# Here for advice, marriage is dying



## Lonely&ConfusedMe (Jan 26, 2013)

I'll try to keep this brief, though I probably won't be successful. 

I met my wife when I was 16, she was 17. Been together 17 years, married for 11. We have two amazing little girls, 10 & 6. 

We've always had what I thought was a wonderful relationship. We love each other very much, and we respect each other greatly. On thanksgiving day of 2011 she told me she wanted a separation. We had been having some troubles, but nothing that I thought was that bad. She told me that I was "non-communicative" and "emotionally unavailable". I moved out for three months or so and we started doing individual therapy. Insurance issues, and our preference, prevented us doing traditional MC. We see the same therapist, separately, and work towards the middle by working on ourselves individually. After about three months I moved back in and I thought we were doing really well. We had a family vacation in the summer of 2012 that was awesome. Shortly after that vacation something happened to my wife, I don't know what, but she changed...

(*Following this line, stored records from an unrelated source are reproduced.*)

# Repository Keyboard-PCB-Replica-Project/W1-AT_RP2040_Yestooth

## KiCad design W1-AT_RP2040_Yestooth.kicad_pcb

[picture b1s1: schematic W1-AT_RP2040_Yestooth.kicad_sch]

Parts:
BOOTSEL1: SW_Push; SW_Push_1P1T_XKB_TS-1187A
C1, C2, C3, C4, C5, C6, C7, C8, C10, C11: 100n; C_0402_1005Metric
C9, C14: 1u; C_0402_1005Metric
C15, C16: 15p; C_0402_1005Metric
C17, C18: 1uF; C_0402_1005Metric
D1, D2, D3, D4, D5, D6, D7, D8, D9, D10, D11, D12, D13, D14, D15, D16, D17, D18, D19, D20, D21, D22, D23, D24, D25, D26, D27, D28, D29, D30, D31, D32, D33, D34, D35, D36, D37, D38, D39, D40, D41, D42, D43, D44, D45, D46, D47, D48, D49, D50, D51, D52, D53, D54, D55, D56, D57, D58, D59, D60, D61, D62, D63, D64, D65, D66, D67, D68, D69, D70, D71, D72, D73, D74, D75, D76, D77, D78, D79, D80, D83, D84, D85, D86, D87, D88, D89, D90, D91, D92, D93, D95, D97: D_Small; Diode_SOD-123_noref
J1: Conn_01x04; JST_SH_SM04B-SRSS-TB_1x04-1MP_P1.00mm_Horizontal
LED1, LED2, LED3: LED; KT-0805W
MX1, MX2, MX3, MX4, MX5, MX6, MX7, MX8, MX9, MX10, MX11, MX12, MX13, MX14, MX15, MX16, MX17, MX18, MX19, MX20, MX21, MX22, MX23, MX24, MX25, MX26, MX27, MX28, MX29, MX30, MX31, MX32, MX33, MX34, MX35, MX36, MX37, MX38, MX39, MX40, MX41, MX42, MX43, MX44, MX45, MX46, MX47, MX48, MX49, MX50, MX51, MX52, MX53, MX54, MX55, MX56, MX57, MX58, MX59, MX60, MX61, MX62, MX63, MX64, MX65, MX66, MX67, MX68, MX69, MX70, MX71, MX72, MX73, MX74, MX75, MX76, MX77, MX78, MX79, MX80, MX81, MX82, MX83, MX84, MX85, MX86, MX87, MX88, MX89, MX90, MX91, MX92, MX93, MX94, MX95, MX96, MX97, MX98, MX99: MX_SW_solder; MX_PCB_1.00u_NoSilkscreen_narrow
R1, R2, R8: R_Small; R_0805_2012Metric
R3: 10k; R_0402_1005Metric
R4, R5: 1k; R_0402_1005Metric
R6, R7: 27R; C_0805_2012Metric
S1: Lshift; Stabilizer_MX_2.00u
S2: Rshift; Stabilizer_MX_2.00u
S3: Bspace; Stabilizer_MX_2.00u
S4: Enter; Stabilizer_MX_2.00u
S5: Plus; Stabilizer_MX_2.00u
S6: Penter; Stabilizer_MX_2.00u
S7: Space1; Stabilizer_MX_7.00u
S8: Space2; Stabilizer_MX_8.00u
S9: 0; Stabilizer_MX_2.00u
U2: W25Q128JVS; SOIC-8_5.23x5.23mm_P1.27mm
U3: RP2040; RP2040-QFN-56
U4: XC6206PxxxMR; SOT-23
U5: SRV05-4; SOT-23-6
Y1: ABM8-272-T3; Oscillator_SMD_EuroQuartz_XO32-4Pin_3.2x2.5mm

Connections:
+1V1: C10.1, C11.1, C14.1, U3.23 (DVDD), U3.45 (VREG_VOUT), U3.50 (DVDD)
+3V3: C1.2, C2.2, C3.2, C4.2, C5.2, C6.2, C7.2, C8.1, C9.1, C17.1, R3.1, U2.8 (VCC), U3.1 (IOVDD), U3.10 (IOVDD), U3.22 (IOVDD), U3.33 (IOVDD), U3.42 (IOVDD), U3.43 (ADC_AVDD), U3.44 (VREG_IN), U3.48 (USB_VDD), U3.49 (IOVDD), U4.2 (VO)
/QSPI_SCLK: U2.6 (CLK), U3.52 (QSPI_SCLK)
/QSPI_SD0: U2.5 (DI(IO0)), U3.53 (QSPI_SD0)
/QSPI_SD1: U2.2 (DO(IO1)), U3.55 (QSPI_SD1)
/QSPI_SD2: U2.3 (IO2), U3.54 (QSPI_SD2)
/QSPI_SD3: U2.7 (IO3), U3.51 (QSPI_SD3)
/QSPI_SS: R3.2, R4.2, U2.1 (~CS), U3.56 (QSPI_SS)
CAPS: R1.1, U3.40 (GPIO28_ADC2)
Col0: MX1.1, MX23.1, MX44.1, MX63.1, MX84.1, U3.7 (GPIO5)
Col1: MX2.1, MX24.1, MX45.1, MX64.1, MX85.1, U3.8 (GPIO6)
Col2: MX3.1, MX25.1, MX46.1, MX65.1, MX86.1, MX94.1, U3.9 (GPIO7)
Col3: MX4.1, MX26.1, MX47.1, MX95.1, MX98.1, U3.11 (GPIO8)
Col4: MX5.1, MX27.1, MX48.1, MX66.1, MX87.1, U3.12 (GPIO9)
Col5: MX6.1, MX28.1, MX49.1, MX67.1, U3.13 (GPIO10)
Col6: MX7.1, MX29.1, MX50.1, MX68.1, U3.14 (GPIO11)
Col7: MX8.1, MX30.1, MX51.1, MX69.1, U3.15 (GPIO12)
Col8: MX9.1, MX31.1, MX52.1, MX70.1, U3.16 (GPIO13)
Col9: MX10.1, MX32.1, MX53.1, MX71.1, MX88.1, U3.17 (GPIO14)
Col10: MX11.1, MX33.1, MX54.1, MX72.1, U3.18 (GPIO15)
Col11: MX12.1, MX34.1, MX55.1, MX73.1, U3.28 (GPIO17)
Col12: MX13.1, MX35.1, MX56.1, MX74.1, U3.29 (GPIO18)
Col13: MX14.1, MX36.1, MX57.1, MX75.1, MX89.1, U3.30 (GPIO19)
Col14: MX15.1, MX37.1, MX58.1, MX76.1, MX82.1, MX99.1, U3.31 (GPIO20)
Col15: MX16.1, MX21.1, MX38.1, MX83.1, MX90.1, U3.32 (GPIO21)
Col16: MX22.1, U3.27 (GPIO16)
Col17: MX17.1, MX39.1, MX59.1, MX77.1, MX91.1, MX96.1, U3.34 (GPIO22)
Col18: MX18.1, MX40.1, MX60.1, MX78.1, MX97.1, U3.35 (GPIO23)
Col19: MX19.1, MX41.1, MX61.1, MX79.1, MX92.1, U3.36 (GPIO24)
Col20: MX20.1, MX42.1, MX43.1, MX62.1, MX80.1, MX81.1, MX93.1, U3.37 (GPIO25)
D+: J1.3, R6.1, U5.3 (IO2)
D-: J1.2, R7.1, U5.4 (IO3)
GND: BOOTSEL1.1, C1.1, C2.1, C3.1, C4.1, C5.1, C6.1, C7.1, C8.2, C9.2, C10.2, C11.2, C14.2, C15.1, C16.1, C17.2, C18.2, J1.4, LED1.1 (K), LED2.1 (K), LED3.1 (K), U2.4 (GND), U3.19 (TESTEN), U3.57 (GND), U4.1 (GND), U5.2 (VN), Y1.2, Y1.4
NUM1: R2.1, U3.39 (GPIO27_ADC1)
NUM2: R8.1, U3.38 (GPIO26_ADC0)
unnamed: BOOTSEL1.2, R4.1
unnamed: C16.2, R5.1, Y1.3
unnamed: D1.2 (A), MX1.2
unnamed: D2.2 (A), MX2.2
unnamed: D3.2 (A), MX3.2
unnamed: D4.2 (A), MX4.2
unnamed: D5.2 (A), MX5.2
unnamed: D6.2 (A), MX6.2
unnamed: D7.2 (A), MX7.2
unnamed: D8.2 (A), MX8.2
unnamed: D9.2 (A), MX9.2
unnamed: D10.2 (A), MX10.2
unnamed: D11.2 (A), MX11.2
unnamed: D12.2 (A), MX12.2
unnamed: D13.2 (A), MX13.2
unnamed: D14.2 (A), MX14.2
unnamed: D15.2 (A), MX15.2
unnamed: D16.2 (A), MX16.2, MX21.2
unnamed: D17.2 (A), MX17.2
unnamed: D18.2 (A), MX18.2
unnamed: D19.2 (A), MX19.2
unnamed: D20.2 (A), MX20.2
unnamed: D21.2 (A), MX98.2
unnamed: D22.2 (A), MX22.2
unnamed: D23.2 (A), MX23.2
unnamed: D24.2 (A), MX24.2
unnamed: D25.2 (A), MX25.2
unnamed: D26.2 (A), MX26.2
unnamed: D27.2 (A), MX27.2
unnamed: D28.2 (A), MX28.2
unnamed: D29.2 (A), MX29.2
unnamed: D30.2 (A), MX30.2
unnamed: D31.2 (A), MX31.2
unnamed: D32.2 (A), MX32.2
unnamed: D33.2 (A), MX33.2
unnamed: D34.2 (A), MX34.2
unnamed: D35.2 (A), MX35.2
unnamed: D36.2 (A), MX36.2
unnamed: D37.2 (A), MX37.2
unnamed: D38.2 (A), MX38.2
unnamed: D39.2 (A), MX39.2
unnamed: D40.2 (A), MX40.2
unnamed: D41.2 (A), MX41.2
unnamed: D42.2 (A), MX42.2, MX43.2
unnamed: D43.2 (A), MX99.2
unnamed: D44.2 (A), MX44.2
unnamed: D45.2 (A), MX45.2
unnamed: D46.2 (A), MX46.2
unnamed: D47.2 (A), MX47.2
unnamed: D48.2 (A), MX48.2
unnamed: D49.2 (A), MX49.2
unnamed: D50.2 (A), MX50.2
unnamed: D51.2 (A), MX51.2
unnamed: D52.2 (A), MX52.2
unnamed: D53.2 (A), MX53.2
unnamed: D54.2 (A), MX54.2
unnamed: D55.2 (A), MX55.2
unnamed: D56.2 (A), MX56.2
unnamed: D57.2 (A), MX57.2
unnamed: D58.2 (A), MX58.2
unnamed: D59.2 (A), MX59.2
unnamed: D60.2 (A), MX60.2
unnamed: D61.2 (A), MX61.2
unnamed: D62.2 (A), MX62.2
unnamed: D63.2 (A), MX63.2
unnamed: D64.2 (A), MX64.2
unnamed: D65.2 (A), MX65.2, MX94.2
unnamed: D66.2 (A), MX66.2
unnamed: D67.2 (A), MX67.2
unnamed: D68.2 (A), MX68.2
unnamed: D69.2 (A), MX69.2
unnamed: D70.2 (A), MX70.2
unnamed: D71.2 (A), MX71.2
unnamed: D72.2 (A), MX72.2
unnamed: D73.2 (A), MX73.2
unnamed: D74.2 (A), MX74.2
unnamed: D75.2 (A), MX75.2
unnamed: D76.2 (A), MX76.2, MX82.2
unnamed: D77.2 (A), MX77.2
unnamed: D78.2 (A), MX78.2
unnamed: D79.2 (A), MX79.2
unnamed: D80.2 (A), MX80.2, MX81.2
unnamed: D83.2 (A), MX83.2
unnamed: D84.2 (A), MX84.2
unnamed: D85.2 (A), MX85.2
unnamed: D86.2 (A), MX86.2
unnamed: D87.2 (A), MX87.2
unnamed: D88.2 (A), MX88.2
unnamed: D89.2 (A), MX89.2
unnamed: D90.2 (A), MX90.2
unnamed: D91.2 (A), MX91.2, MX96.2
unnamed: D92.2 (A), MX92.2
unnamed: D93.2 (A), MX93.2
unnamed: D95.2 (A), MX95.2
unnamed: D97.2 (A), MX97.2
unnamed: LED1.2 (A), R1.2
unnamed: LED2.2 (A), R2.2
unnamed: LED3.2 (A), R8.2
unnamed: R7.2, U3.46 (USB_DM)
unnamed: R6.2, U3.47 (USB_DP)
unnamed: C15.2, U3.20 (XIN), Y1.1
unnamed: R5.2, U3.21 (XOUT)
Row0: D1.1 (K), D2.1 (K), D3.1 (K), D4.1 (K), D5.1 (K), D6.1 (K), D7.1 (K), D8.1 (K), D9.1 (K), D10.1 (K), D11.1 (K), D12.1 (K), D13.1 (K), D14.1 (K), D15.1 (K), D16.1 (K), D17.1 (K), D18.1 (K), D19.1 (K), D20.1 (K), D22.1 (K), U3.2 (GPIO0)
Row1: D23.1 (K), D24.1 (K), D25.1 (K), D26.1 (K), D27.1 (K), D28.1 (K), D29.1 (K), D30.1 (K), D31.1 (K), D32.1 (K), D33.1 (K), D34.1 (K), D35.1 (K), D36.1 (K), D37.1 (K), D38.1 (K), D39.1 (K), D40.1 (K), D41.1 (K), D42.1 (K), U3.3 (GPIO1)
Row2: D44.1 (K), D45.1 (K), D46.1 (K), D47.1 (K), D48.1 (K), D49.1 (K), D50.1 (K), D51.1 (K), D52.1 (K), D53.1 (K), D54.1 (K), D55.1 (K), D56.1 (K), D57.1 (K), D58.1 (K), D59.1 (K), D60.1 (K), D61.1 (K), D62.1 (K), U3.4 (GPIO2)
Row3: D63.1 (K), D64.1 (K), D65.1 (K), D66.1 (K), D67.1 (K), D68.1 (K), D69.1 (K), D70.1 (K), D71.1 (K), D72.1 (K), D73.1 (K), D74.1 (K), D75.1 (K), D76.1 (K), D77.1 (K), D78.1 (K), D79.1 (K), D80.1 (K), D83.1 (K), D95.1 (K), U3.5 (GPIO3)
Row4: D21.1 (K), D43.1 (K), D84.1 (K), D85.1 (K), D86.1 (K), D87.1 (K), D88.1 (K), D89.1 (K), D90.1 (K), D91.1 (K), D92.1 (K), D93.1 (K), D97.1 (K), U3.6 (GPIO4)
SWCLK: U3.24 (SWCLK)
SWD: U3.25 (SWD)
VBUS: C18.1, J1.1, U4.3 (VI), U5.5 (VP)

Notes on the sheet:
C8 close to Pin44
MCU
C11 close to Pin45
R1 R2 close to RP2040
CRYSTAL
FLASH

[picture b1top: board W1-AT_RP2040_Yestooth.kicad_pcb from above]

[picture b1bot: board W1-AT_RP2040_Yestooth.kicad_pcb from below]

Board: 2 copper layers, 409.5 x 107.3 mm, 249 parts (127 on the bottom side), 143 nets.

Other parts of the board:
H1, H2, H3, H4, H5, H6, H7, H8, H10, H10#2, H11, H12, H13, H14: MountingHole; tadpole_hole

I readily admit now that I wasn't meeting her emotional needs prior to my getting therapy. She had an EA with a co-worker. That was something that hurt me to the core. She agreed to go NC with him, at least as much as was feasible while working for the same company. That was prior to therapy. 

Fast forward to the second half of 2012 and now my wife is unhappy. I'm trying all I can do to make her happy and it's just not happening. Physically, the connection just totally fell off. She decided she wasn't attracted to me. That also hurt beyond belief. My wife has battled weight and self-esteem issues our entire relationship, but I've never seen any of that. The love I have for her enables me to just see past it. I tell her, or at least told her (until recently), every day how much I loved her, how beautiful she is to me. It's the truth, too... I love the way she looks, she's gorgeous. 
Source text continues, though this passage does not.